> INSTRUCTIONS TO FOLLOW: The whole listing should be retyped word for word, apart from the pictures it holds.

> GIVEN ENTRIES:

┌────────

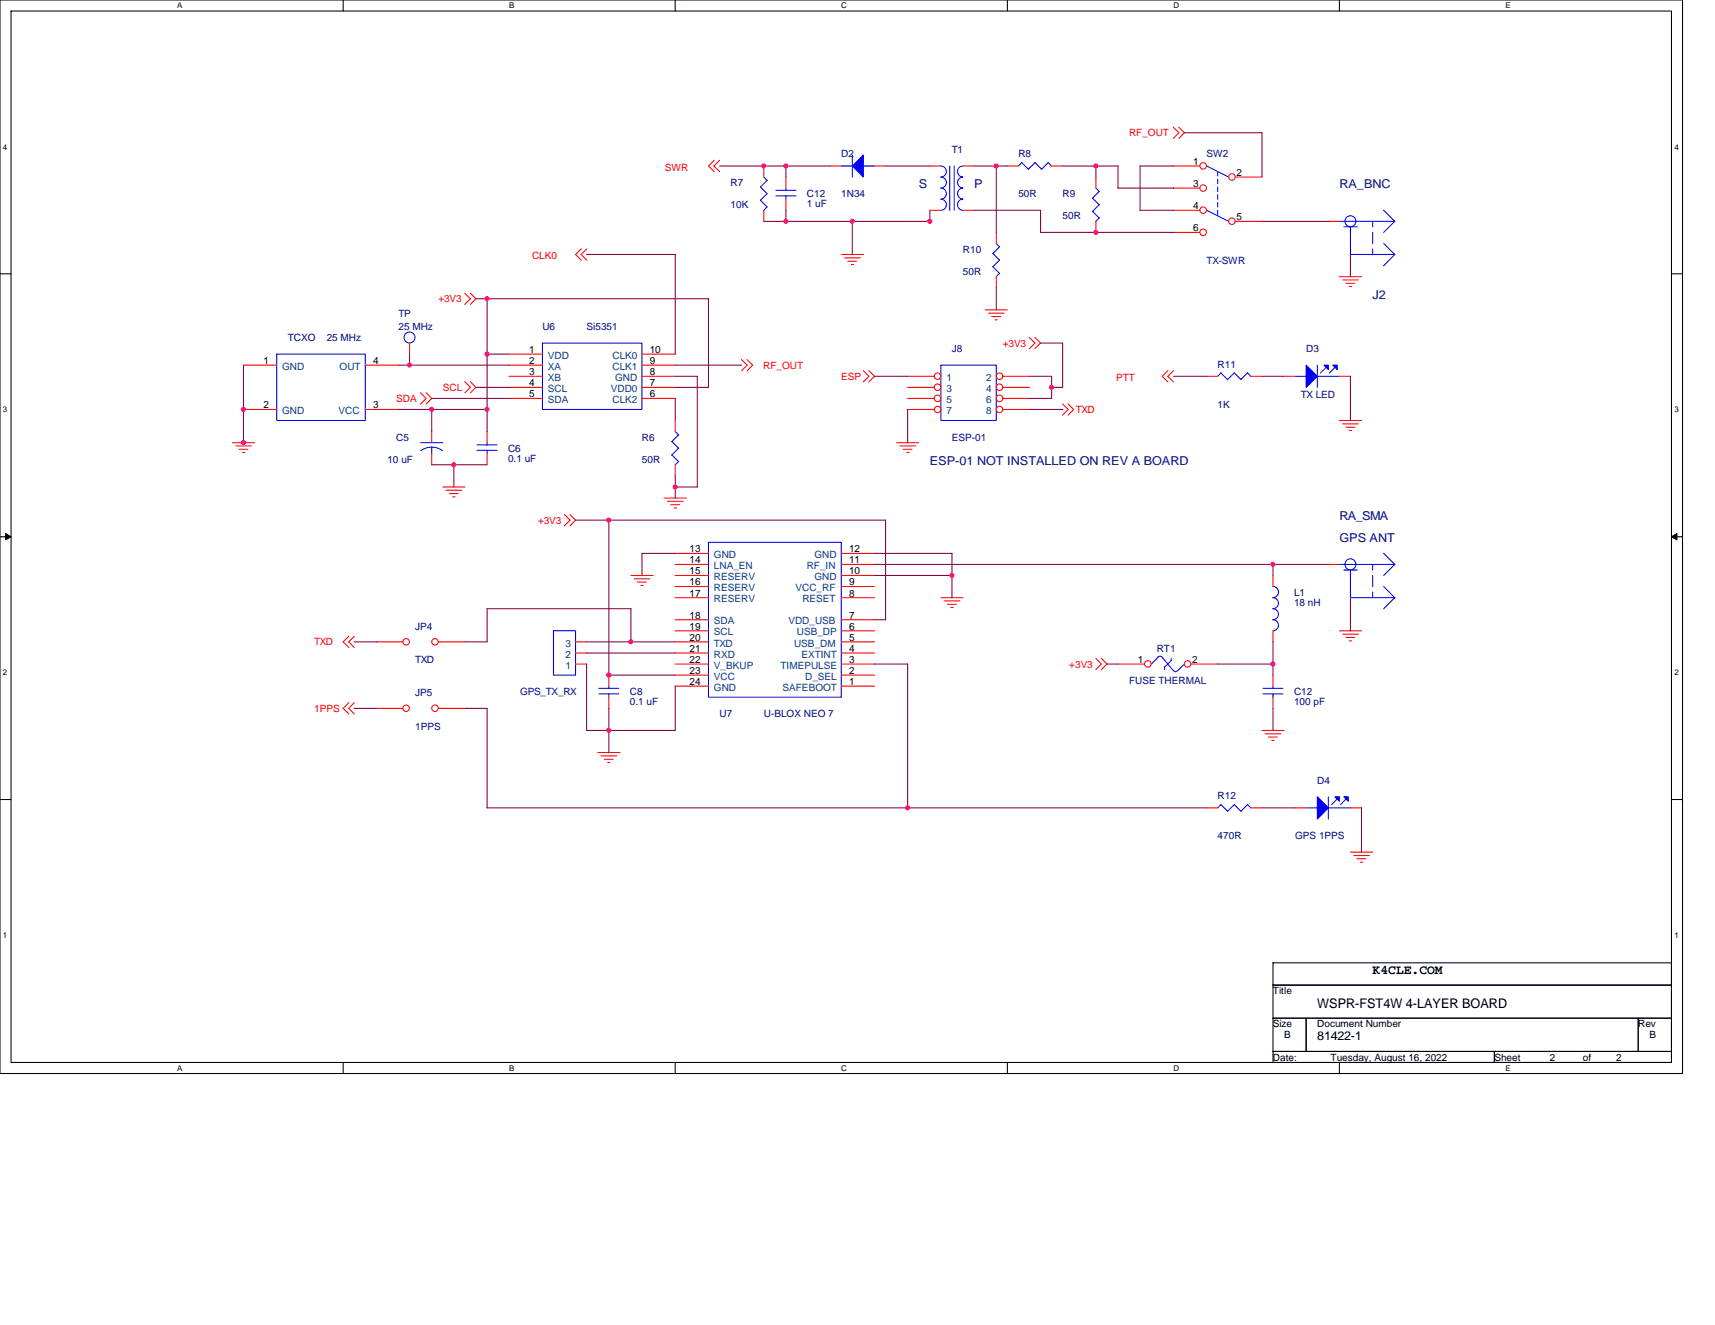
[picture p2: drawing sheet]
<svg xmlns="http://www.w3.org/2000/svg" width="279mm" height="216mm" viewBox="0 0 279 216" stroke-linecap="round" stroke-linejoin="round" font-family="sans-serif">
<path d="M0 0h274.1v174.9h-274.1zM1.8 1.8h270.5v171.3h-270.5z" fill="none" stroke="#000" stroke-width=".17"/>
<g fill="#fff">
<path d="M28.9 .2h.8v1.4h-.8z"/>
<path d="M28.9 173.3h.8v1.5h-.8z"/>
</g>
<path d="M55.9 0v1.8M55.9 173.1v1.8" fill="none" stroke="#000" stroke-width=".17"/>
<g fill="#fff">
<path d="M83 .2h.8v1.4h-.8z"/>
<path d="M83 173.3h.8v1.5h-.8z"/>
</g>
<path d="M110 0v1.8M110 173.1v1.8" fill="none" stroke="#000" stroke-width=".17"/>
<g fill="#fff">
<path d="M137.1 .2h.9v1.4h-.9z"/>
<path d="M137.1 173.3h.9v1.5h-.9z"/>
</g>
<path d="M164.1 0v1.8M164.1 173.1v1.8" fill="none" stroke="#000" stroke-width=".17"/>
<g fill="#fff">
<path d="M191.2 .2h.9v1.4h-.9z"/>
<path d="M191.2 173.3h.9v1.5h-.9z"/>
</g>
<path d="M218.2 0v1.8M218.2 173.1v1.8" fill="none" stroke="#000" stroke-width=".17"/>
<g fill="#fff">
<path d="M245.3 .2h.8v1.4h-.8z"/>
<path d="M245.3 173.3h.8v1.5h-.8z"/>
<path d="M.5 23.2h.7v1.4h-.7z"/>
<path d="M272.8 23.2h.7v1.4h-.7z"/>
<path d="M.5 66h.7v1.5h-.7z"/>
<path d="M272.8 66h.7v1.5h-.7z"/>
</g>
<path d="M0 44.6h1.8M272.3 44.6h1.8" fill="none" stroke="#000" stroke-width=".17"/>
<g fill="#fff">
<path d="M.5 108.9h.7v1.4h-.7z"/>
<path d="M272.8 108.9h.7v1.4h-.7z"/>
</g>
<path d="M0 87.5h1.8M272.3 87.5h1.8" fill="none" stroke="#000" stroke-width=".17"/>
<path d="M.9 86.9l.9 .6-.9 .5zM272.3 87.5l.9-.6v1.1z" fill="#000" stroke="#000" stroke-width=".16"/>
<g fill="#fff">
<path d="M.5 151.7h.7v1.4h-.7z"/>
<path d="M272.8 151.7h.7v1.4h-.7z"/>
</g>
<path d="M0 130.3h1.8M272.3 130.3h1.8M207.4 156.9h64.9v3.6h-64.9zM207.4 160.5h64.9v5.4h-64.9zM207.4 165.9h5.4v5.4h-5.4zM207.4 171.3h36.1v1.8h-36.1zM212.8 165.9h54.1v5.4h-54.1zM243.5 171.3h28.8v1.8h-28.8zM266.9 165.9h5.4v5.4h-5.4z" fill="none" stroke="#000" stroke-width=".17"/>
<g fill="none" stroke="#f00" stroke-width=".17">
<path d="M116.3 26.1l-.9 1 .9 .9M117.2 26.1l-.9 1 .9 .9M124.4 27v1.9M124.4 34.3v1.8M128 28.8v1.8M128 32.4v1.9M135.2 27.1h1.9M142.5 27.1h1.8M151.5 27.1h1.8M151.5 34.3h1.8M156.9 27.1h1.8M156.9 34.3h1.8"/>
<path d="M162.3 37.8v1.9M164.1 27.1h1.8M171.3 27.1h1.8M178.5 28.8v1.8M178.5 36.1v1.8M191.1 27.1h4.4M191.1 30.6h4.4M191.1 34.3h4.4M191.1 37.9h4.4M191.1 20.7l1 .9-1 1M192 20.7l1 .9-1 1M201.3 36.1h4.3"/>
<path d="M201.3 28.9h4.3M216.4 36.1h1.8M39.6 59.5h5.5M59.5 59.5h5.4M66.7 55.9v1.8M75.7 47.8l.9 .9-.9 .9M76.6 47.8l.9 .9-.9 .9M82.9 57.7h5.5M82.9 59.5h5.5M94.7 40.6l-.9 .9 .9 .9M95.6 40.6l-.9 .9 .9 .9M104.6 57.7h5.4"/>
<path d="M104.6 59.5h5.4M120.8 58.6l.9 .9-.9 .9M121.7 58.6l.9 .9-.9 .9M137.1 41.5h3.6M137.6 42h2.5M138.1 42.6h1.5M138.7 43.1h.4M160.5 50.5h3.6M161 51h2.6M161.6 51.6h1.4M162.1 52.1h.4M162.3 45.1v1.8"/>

└────────

> YOUR SOLUTION:
[picture p2: drawing sheet]
<svg xmlns="http://www.w3.org/2000/svg" width="279mm" height="216mm" viewBox="0 0 279 216" stroke-linecap="round" stroke-linejoin="round" font-family="sans-serif">
<path d="M0 0h274.1v174.9h-274.1zM1.8 1.8h270.5v171.3h-270.5z" fill="none" stroke="#000" stroke-width=".17"/>
<g fill="#fff">
<path d="M28.9 .2h.8v1.4h-.8z"/>
<path d="M28.9 173.3h.8v1.5h-.8z"/>
</g>
<path d="M55.9 0v1.8M55.9 173.1v1.8" fill="none" stroke="#000" stroke-width=".17"/>
<g fill="#fff">
<path d="M83 .2h.8v1.4h-.8z"/>
<path d="M83 173.3h.8v1.5h-.8z"/>
</g>
<path d="M110 0v1.8M110 173.1v1.8" fill="none" stroke="#000" stroke-width=".17"/>
<g fill="#fff">
<path d="M137.1 .2h.9v1.4h-.9z"/>
<path d="M137.1 173.3h.9v1.5h-.9z"/>
</g>
<path d="M164.1 0v1.8M164.1 173.1v1.8" fill="none" stroke="#000" stroke-width=".17"/>
<g fill="#fff">
<path d="M191.2 .2h.9v1.4h-.9z"/>
<path d="M191.2 173.3h.9v1.5h-.9z"/>
</g>
<path d="M218.2 0v1.8M218.2 173.1v1.8" fill="none" stroke="#000" stroke-width=".17"/>
<g fill="#fff">
<path d="M245.3 .2h.8v1.4h-.8z"/>
<path d="M245.3 173.3h.8v1.5h-.8z"/>
<path d="M.5 23.2h.7v1.4h-.7z"/>
<path d="M272.8 23.2h.7v1.4h-.7z"/>
<path d="M.5 66h.7v1.5h-.7z"/>
<path d="M272.8 66h.7v1.5h-.7z"/>
</g>
<path d="M0 44.6h1.8M272.3 44.6h1.8" fill="none" stroke="#000" stroke-width=".17"/>
<g fill="#fff">
<path d="M.5 108.9h.7v1.4h-.7z"/>
<path d="M272.8 108.9h.7v1.4h-.7z"/>
</g>
<path d="M0 87.5h1.8M272.3 87.5h1.8" fill="none" stroke="#000" stroke-width=".17"/>
<path d="M.9 86.9l.9 .6-.9 .5zM272.3 87.5l.9-.6v1.1z" fill="#000" stroke="#000" stroke-width=".16"/>
<g fill="#fff">
<path d="M.5 151.7h.7v1.4h-.7z"/>
<path d="M272.8 151.7h.7v1.4h-.7z"/>
</g>
<path d="M0 130.3h1.8M272.3 130.3h1.8M207.4 156.9h64.9v3.6h-64.9zM207.4 160.5h64.9v5.4h-64.9zM207.4 165.9h5.4v5.4h-5.4zM207.4 171.3h36.1v1.8h-36.1zM212.8 165.9h54.1v5.4h-54.1zM243.5 171.3h28.8v1.8h-28.8zM266.9 165.9h5.4v5.4h-5.4z" fill="none" stroke="#000" stroke-width=".17"/>
<g fill="none" stroke="#f00" stroke-width=".17">
<path d="M116.3 26.1l-.9 1 .9 .9M117.2 26.1l-.9 1 .9 .9M124.4 27v1.9M124.4 34.3v1.8M128 28.8v1.8M128 32.4v1.9M135.2 27.1h1.9M142.5 27.1h1.8M151.5 27.1h1.8M151.5 34.3h1.8M156.9 27.1h1.8M156.9 34.3h1.8"/>
<path d="M162.3 37.8v1.9M164.1 27.1h1.8M171.3 27.1h1.8M178.5 28.8v1.8M178.5 36.1v1.8M191.1 27.1h4.4M191.1 30.6h4.4M191.1 34.3h4.4M191.1 37.9h4.4M191.1 20.7l1 .9-1 1M192 20.7l1 .9-1 1M201.3 36.1h4.3"/>
<path d="M201.3 28.9h4.3M216.4 36.1h1.8M39.6 59.5h5.5M59.5 59.5h5.4M66.7 55.9v1.8M75.7 47.8l.9 .9-.9 .9M76.6 47.8l.9 .9-.9 .9M82.9 57.7h5.5M82.9 59.5h5.5M94.7 40.6l-.9 .9 .9 .9M95.6 40.6l-.9 .9 .9 .9M104.6 57.7h5.4"/>
<path d="M104.6 59.5h5.4M120.8 58.6l.9 .9-.9 .9M121.7 58.6l.9 .9-.9 .9M137.1 41.5h3.6M137.6 42h2.5M138.1 42.6h1.5M138.7 43.1h.4M160.5 50.5h3.6M161 51h2.6M161.6 51.6h1.4M162.1 52.1h.4M162.3 45.1v1.8"/>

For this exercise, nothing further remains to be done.